2. The container according to claim 1,

the liquid supply portion has an inner wall forming the supply portion flow path, and a guide portion that is located on an inner side of the inner wall and extends in an axial direction along the central axis and that guides movement of the valve body,

the valve body has an aligning portion that extends in the axial direction and is restricted by the guide portion from moving in a direction orthogonal to the axial direction.

3. The container according to claim 2,

the supply section channel is located between the inner wall and the guide section and is formed in a circumferential direction of the liquid supply section.
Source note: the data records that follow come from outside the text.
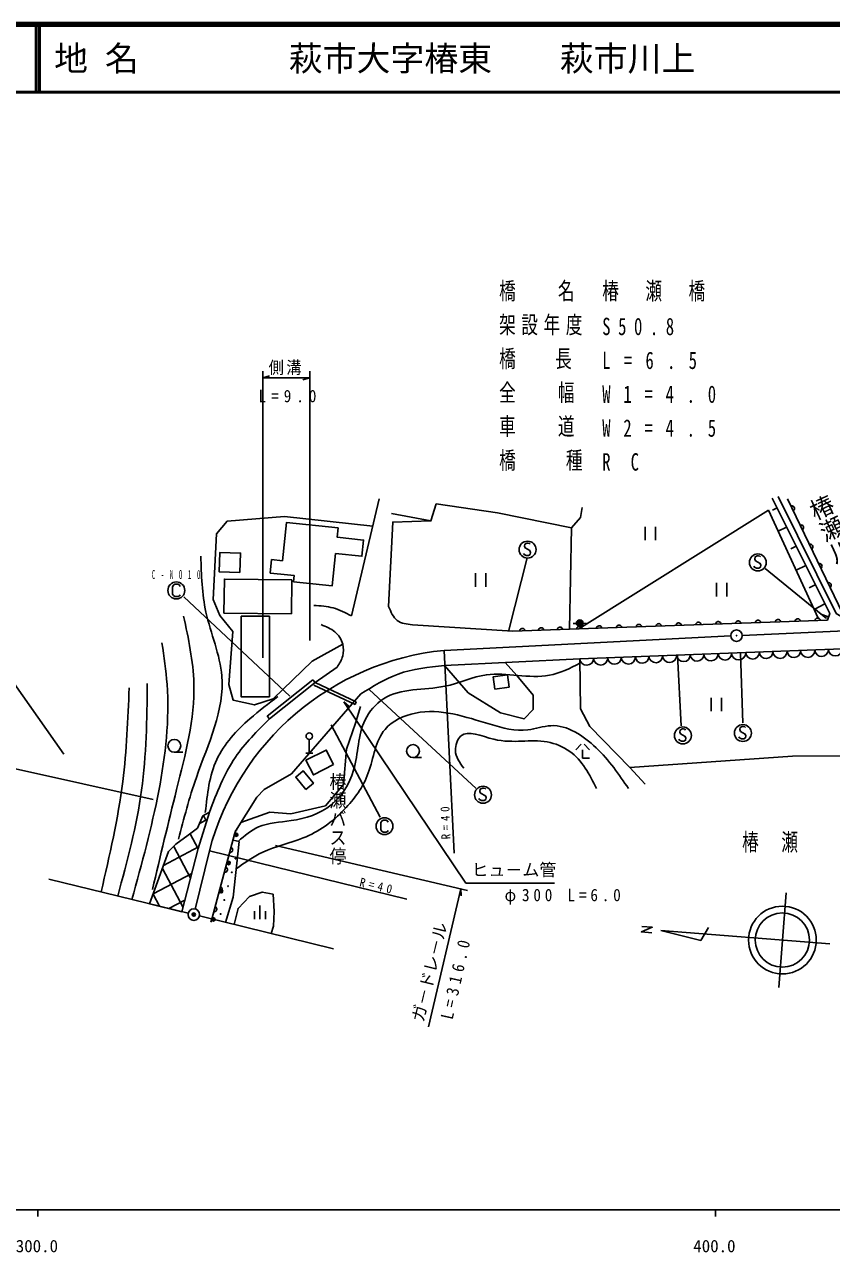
# Model space of a CAD drawing. Units: millimetres, scale not verified. Extents: x 40000 to 680000, y 20000 to 380000.
# Drawn here: x 366022 to 485116, y 198715 to 380000 of the extents above; entities that cross this region are included whole.
import ezdxf
from ezdxf.enums import TextEntityAlignment as Align

# ---------------------------------------------------------------- set-up
doc = ezdxf.new("R2010")
doc.units = ezdxf.units.MM
doc.header["$LTSCALE"] = 1000
doc.header["$PDMODE"] = 32
doc.header["$PDSIZE"] = 500
for name, color, linetype, lineweight in [('M-BGD', 7, 'Continuous', 25), ('M-TTL', 2, 'Continuous', 140), ('M-TTL-BAND', 7, 'Continuous', 25), ('M-TTL-LINE', 7, 'Continuous', 50)]:
    doc.layers.add(name, color=color, linetype=linetype, lineweight=lineweight)
doc.layers.add('M-OTRS', color=6, linetype='Continuous')
doc.layers.add('M-TTL-TXT', color=7, linetype='Continuous')
doc.styles.add('@ＭＳ ゴシック', font='')
doc.styles.add('ＭＳ ゴシック', font='')
doc.styles.get('@ＭＳ ゴシック').set_extended_font_data('@MS Gothic')
doc.styles.get('ＭＳ ゴシック').set_extended_font_data('MS Gothic')

msp = doc.modelspace()

# ---------------------------------------------------------------- hatches: boundary and pattern name
at = {"layer": 'M-BGD'}
h = msp.add_hatch(dxfattribs=at)
h.set_pattern_fill('USER', color=256, style=0, pattern_type=2)
h.set_pattern_definition([(297.8381, (89578, 560431), (2652.812, 1400.923), []), (27.8381, (89578, 560431), (-1400.923, 2652.812), [])])
h.paths.add_polyline_path([(389258, 249018), (391643, 258366), (393299, 263726), (392353, 263175), (391525, 261362), (390146, 260297), (388372, 258997), (387268, 257893), (384465, 250189)])

# ---------------------------------------------------------------- linework, layer by layer
for p, q in [((401191, 286515), (401191, 328837)), ((408115, 328837), (408115, 289073)), ((401191, 327837), (402191, 328117)), ((401191, 327837), (408115, 327837)), ((408115, 327837), (407115, 327557)), ((414271, 292690), (418356, 309976)), ((475826, 308328), (447808, 290795)), ((483140, 292369), (475826, 308328)), ((477092, 308658), (476399, 308314)), ((486787, 292977), (478629, 309996)), ((425998, 306712), (420193, 307823)), ((446435, 290747), (446733, 305688)), ((457608, 305865), (457608, 303865)), ((459128, 303865), (459128, 305865)), ((478503, 305817), (477260, 305199)), ((479915, 302977), (479115, 302579)), ((440188, 301247), (437486, 290603)), ((475313, 299692), (484401, 292323)), ((481326, 300136), (479905, 299429)), ((432570, 298996), (432570, 296996)), ((434090, 296996), (434090, 298996)), ((468133, 297556), (468133, 295556)), ((469653, 295556), (469653, 297556)), ((389539, 295515), (405181, 280838)), ((482738, 297295), (481831, 296845)), ((484149, 294455), (482549, 293659)), ((484698, 292561), (483534, 292947)), ((359188, 290219), (371836, 272289)), ((423261, 291364), (438093, 290457)), ((447473, 291588), (446973, 291567)), ((448472, 291602), (448972, 291595)), ((471954, 289818), (497891, 290967)), ((427941, 287608), (470256, 289738)), ((429449, 257646), (427941, 287608)), ((447995, 286370), (486705, 287815)), ((462950, 276439), (462377, 286919)), ((472038, 276930), (471710, 287165)), ((428016, 285379), (447995, 286370)), ((401844, 277883), (408587, 283231)), ((402154, 277491), (408898, 282839)), ((408898, 282839), (414976, 279998)), ((408728, 282477), (414807, 279635)), ((432701, 267223), (416865, 281804)), ((413164, 279999), (413954, 279326)), ((414976, 279998), (414807, 279635)), ((467357, 280605), (467357, 278605)), ((468877, 278605), (468877, 280605)), ((401844, 277883), (402154, 277491)), ((418507, 262975), (411265, 276590)), ((408053, 274470), (408053, 272430)), ((388134, 272562), (389384, 272562)), ((407513, 272430), (408593, 272430)), ((448197, 273736), (447397, 272896)), ((448597, 273736), (449397, 272896)), ((385018, 265573), (364238, 270234)), ((423359, 271786), (424609, 271786)), ((393659, 247942), (397023, 260448)), ((397023, 260448), (397153, 260931)), ((391202, 249417), (393303, 258013)), ((393303, 258013), (422445, 250890)), ((403053, 258779), (431386, 252168)), ((390174, 248793), (369624, 253816)), ((430412, 252395), (425657, 232018)), ((430412, 252395), (430457, 251358)), ((478433, 251811), (477330, 237854)), ((411633, 243549), (391826, 248390)), ((399964, 249117), (399964, 247917)), ((400764, 249917), (400764, 247917)), ((401564, 249117), (401564, 247917)), ((393529, 247459), (393659, 247942)), ((465840, 244780), (466994, 246695)), ((459937, 246249), (465840, 244780)), ((459937, 246249), (484860, 244281))]:
    msp.add_line(p, q, dxfattribs=at)
for points in [[(476386, 310078), (484855, 293034), (484541, 292088)], [(486809, 292478), (485814, 293057), (477249, 310329)], [(419751, 294087), (420363, 306552), (425998, 306712), (426780, 309264)], [(448310, 308716), (448057, 307202), (446733, 305688), (435821, 307896), (426780, 309264)], [(479482, 308217), (479554, 308288), (479606, 308366), (479643, 308472), (479652, 308565), (479640, 308666), (479584, 308781), (479514, 308854), (479436, 308905), (479329, 308943), (479236, 308951), (479136, 308939)], [(417408, 305965), (404380, 307375), (395915, 306669), (394375, 304810), (393862, 295125), (394824, 292752), (396748, 290379), (396171, 282555), (396813, 280246), (399955, 279541), (402713, 280438), (408485, 286018), (412981, 288499)], [(412326, 305678), (404663, 306476), (404076, 300841)], [(412326, 305678), (412182, 304304), (416071, 303899), (415821, 301492), (411932, 301897)], [(480841, 305381), (480914, 305451), (480965, 305529), (481003, 305636), (481012, 305729), (480999, 305829), (480944, 305944), (480873, 306017), (480796, 306069), (480689, 306106), (480596, 306115), (480496, 306102)], [(440670, 303276), (440570, 303376), (440370, 303426), (440170, 303426), (439870, 303276), (439820, 302976), (439920, 302726), (440620, 302326), (440720, 302076), (440670, 301776), (440420, 301626), (440070, 301626), (439770, 301776), (439670, 301926)], [(482201, 302544), (482274, 302615), (482325, 302693), (482363, 302799), (482371, 302892), (482359, 302993), (482303, 303108), (482233, 303181), (482155, 303232), (482048, 303270), (481956, 303278), (481855, 303266)], [(404076, 300841), (402490, 301007), (402284, 299026), (403870, 298861)], [(405727, 297746), (411437, 297151), (411932, 301897)], [(474649, 301392), (474549, 301492), (474349, 301542), (474149, 301542), (473849, 301392), (473799, 301092), (473899, 300842), (474599, 300442), (474699, 300192), (474649, 299892), (474399, 299742), (474049, 299742), (473749, 299892), (473649, 300042)], [(483561, 299708), (483633, 299778), (483685, 299856), (483722, 299963), (483731, 300056), (483718, 300156), (483663, 300271), (483593, 300344), (483515, 300396), (483408, 300433), (483315, 300442), (483215, 300429)], [(388974, 297059), (388874, 297209), (388674, 297359), (388224, 297359), (388024, 297209), (387874, 297009), (387874, 295909), (388024, 295709), (388224, 295559), (388674, 295559), (388874, 295659), (388974, 295809)], [(405727, 297746), (405822, 298657), (403870, 298861)], [(484920, 296871), (484993, 296942), (485044, 297020), (485082, 297126), (485091, 297219), (485078, 297320), (485023, 297435), (484952, 297508), (484874, 297559), (484768, 297597), (484675, 297605), (484574, 297593)], [(438093, 290457), (446435, 290747), (484541, 292088)], [(471750, 291638), (471715, 291733), (471664, 291811), (471581, 291888), (471500, 291933), (471403, 291962), (471275, 291957), (471180, 291922), (471102, 291871), (471025, 291789), (470979, 291707), (470951, 291610)], [(474682, 291741), (474646, 291836), (474596, 291914), (474513, 291991), (474431, 292036), (474334, 292065), (474206, 292061), (474111, 292025), (474033, 291974), (473956, 291892), (473911, 291810), (473882, 291713)], [(477613, 291844), (477578, 291939), (477527, 292017), (477444, 292094), (477362, 292140), (477265, 292168), (477137, 292164), (477043, 292128), (476964, 292078), (476887, 291995), (476842, 291913), (476813, 291816)], [(480544, 291947), (480509, 292042), (480458, 292121), (480375, 292198), (480294, 292243), (480197, 292271), (480069, 292267), (479974, 292232), (479896, 292181), (479819, 292098), (479773, 292016), (479745, 291919)], [(483476, 292051), (483440, 292145), (483389, 292224), (483307, 292301), (483225, 292346), (483128, 292375), (483000, 292370), (482905, 292335), (482827, 292284), (482750, 292201), (482705, 292120), (482676, 292022)], [(439883, 290519), (439848, 290614), (439797, 290692), (439714, 290770), (439633, 290815), (439536, 290843), (439408, 290839), (439313, 290804), (439235, 290753), (439158, 290670), (439112, 290589), (439084, 290492)], [(442664, 290616), (442628, 290711), (442578, 290789), (442495, 290866), (442413, 290911), (442316, 290940), (442188, 290936), (442093, 290900), (442015, 290850), (441938, 290767), (441893, 290685), (441864, 290588)], [(445444, 290713), (445409, 290807), (445358, 290886), (445275, 290963), (445194, 291008), (445097, 291037), (444969, 291032), (444874, 290997), (444796, 290946), (444718, 290864), (444673, 290782), (444645, 290685)], [(448300, 290813), (448265, 290908), (448214, 290986), (448131, 291063), (448049, 291108), (447952, 291137), (447824, 291132), (447730, 291097), (447651, 291046), (447574, 290963), (447529, 290882), (447500, 290785)], [(451231, 290916), (451196, 291011), (451145, 291089), (451062, 291166), (450981, 291211), (450884, 291240), (450756, 291235), (450661, 291200), (450583, 291149), (450505, 291066), (450460, 290985), (450432, 290888)], [(454163, 291019), (454127, 291114), (454076, 291192), (453994, 291269), (453912, 291314), (453815, 291343), (453687, 291339), (453592, 291303), (453514, 291252), (453437, 291170), (453392, 291088), (453363, 290991)], [(457094, 291122), (457058, 291217), (457008, 291295), (456925, 291372), (456843, 291418), (456746, 291446), (456618, 291442), (456523, 291406), (456445, 291356), (456368, 291273), (456323, 291191), (456294, 291094)], [(460025, 291225), (459990, 291320), (459939, 291398), (459856, 291476), (459775, 291521), (459678, 291549), (459550, 291545), (459455, 291509), (459377, 291459), (459299, 291376), (459254, 291294), (459226, 291197)], [(462956, 291329), (462921, 291423), (462870, 291502), (462788, 291579), (462706, 291624), (462609, 291652), (462481, 291648), (462386, 291613), (462308, 291562), (462231, 291479), (462186, 291397), (462157, 291300)], [(465888, 291432), (465852, 291526), (465802, 291605), (465719, 291682), (465637, 291727), (465540, 291756), (465412, 291751), (465317, 291716), (465239, 291665), (465162, 291582), (465117, 291501), (465088, 291404)], [(468819, 291535), (468784, 291630), (468733, 291708), (468650, 291785), (468569, 291830), (468471, 291859), (468344, 291854), (468249, 291819), (468170, 291768), (468093, 291685), (468048, 291604), (468020, 291507)], [(408587, 283231), (408898, 282839), (412157, 285132)], [(428016, 285379), (431517, 281351), (436249, 278372), (439753, 277496), (441068, 278898), (441068, 281001), (438702, 283892), (436945, 285822)], [(447995, 286370), (448077, 278985), (449479, 276357), (455349, 270311), (457627, 267858)], [(397153, 260931), (400329, 265933), (401402, 267048), (405406, 269401), (415643, 281165)], [(397952, 262189), (402225, 263695), (405302, 263479), (410431, 264667), (413076, 267798), (413562, 273035), (414858, 276867), (415613, 279297)], [(413164, 279999), (431170, 253243), (444253, 253243)], [(463595, 275847), (463495, 275947), (463295, 275997), (463095, 275997), (462795, 275847), (462745, 275547), (462845, 275297), (463545, 274897), (463645, 274647), (463595, 274347), (463345, 274197), (462995, 274197), (462695, 274347), (462595, 274497)], [(472450, 276201), (472350, 276301), (472150, 276351), (471950, 276351), (471650, 276201), (471600, 275901), (471700, 275651), (472400, 275251), (472500, 275001), (472450, 274701), (472200, 274551), (471850, 274551), (471550, 274701), (471450, 274851)], [(448397, 272896), (448397, 271696), (449397, 271696)], [(455349, 270311), (479356, 271976), (494864, 272064)], [(434090, 267090), (433990, 267190), (433790, 267240), (433590, 267240), (433290, 267090), (433240, 266790), (433340, 266540), (434040, 266140), (434140, 265890), (434090, 265590), (433840, 265440), (433490, 265440), (433190, 265590), (433090, 265740)], [(397153, 260931), (397174, 261008), (397197, 261054), (397241, 261104), (397280, 261135), (397327, 261153), (397393, 261167), (397444, 261163), (397472, 261155)], [(419699, 262246), (419599, 262396), (419399, 262546), (418949, 262546), (418749, 262396), (418599, 262196), (418599, 261096), (418749, 260896), (418949, 260746), (419399, 260746), (419599, 260846), (419699, 260996)], [(396793, 259593), (397680, 259363), (396808, 251162), (395663, 247452)], [(396298, 257751), (396399, 257757), (396488, 257782), (396586, 257839), (396654, 257903), (396709, 257988), (396743, 258111), (396737, 258212), (396711, 258302), (396655, 258400), (396590, 258467), (396505, 258523)], [(395514, 254838), (395615, 254844), (395705, 254869), (395803, 254926), (395870, 254990), (395926, 255075), (395959, 255198), (395953, 255299), (395927, 255389), (395871, 255487), (395806, 255554), (395722, 255610)], [(394730, 251925), (394831, 251931), (394921, 251956), (395019, 252013), (395086, 252078), (395142, 252162), (395175, 252286), (395169, 252387), (395144, 252476), (395087, 252574), (395023, 252642), (394938, 252697)], [(396940, 247140), (397529, 249497), (399202, 251279), (401092, 251927), (402711, 251603), (402873, 249065), (402765, 246906), (402434, 245797)], [(393947, 249012), (394048, 249018), (394137, 249044), (394236, 249100), (394303, 249165), (394358, 249249), (394392, 249373), (394386, 249474), (394360, 249564), (394304, 249662), (394239, 249729), (394155, 249785)], [(458606, 245917), (457067, 246038), (458673, 246715), (457128, 246829)]]:
    msp.add_lwpolyline(points, dxfattribs=at)
for points in [[(397798, 299080), (394765, 299186), (394866, 302067), (397900, 301961)], [(405408, 293013), (395457, 293120), (395511, 298121), (405461, 298014)], [(402162, 280721), (402162, 292641), (398011, 292641), (398011, 280721)], [(437560, 282159), (435449, 281883), (435212, 283706), (437322, 283981)], [(411635, 270733), (408653, 269219), (407558, 271377), (410540, 272891)], [(407552, 267063), (406038, 268898), (407148, 269814), (408662, 267979)], [(389258, 249018), (391643, 258366), (393299, 263726), (392353, 263175), (391525, 261362), (390146, 260297), (388372, 258997), (387268, 257893), (384465, 250189)]]:
    msp.add_lwpolyline(points, close=True, dxfattribs=at)
for centre, radius in [((440270, 302476), 1250), ((474249, 300592), 1250), ((388424, 296459), 1250), ((447972, 291608), 500), ((447972, 291608), 440), ((447972, 291608), 380), ((447972, 291608), 320), ((447972, 291608), 260), ((447972, 291608), 200), ((447972, 291608), 140), ((447972, 291608), 80), ((447972, 291608), 20), ((471105, 289780), 850), ((471105, 289780), 34), ((463195, 275047), 1250), ((472050, 275401), 1250), ((388134, 273512), 950), ((408053, 274950), 480), ((423359, 272736), 950), ((433690, 266290), 1250), ((419149, 261646), 1250), ((397265, 260383), 250), ((397265, 260383), 150), ((397265, 260383), 50), ((396143, 256214), 250), ((396143, 256214), 150), ((396143, 256214), 50), ((397163, 256884), 50), ((396612, 254836), 50), ((395022, 252046), 250), ((395022, 252046), 150), ((395022, 252046), 50), ((396061, 252788), 50), ((395510, 250739), 50), ((391000, 248592), 850), ((391000, 248592), 34), ((394959, 248691), 50), ((477882, 244832), 5000), ((477882, 244832), 4000), ((393900, 247877), 250), ((393900, 247877), 150), ((393900, 247877), 50)]:
    msp.add_circle(centre, radius, dxfattribs=at)
for centre, radius, start, end in [((431980, 247812), 40000, 95.79596, 165.22559), ((448994, 286407), 1000, 182.13745, 2.13745), ((451043, 286484), 1050, 182.13745, 2.13745), ((453092, 286560), 1000, 182.13745, 2.13745), ((455140, 286637), 1050, 182.13745, 2.13745), ((457189, 286713), 1000, 182.13745, 2.13745), ((459187, 286788), 1000, 182.13745, 2.13745), ((461236, 286864), 1050, 182.13745, 2.13745), ((463284, 286941), 1000, 182.13745, 2.13745), ((465283, 287015), 1000, 182.13745, 2.13745), ((467332, 287092), 1050, 182.13745, 2.13745), ((469380, 287168), 1000, 182.13745, 2.13745), ((471429, 287245), 1050, 182.13745, 2.13745), ((473477, 287321), 1000, 182.13745, 2.13745), ((475476, 287396), 1000, 182.13745, 2.13745), ((477525, 287472), 1050, 182.13745, 2.13745), ((479573, 287549), 1000, 182.13745, 2.13745), ((481622, 287625), 1050, 182.13745, 2.13745), ((483670, 287701), 1000, 182.13745, 2.13745), ((485669, 287776), 1000, 182.13745, 2.13745)]:
    msp.add_arc(centre, radius, start, end, dxfattribs=at)
for points, knots in [([(388749, 259733), (389535, 262768), (390321, 265803), (391384, 268860), (393109, 273825), (395564, 278849), (395148, 283821), (394886, 286947), (393489, 290052), (392795, 293231), (392200, 295955), (392121, 298733), (392043, 301511)], [0, 0, 0, 0, 1, 1, 1, 2, 2, 2, 3, 3, 3, 4, 4, 4, 4]), ([(408718, 294230), (409692, 294177), (410666, 294124), (411584, 293872), (412518, 293615), (413394, 293152), (414271, 292690)], [0, 0, 0, 0, 1, 1, 1, 2, 2, 2, 2]), ([(419751, 294087), (420090, 293274), (420429, 292462), (421041, 292009), (421619, 291580), (422440, 291472), (423261, 291364)], [0, 0, 0, 0, 1, 1, 1, 2, 2, 2, 2]), ([(384891, 252300), (386056, 257204), (387222, 262109), (388467, 267072), (389764, 272240), (391147, 277472), (391008, 282692), (390918, 286020), (390210, 289343), (389502, 292666)], [0, 0, 0, 0, 1, 1, 1, 2, 2, 2, 3, 3, 3, 3]), ([(412157, 285132), (412489, 285661), (412821, 286190), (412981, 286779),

4. The container according to any one of claims 1 to 3,

the spool has an outermost wall that is located outermost in an orthogonal direction orthogonal to an axial direction along the central axis and extends in the axial direction,

the liquid supply part has a rib protruding inward from an inner wall forming the supply part flow path and extending in the axial direction,

in a side view seen from the orthogonal direction, in the non-attached state, at least a part of the outermost wall overlaps the rib, and in the attached state, the outermost wall does not overlap the rib.

5. The container according to any one of claims 1 to 4,

the inner diameter of the inclined surface portion is smaller than the outer diameter of the introduction portion flow path.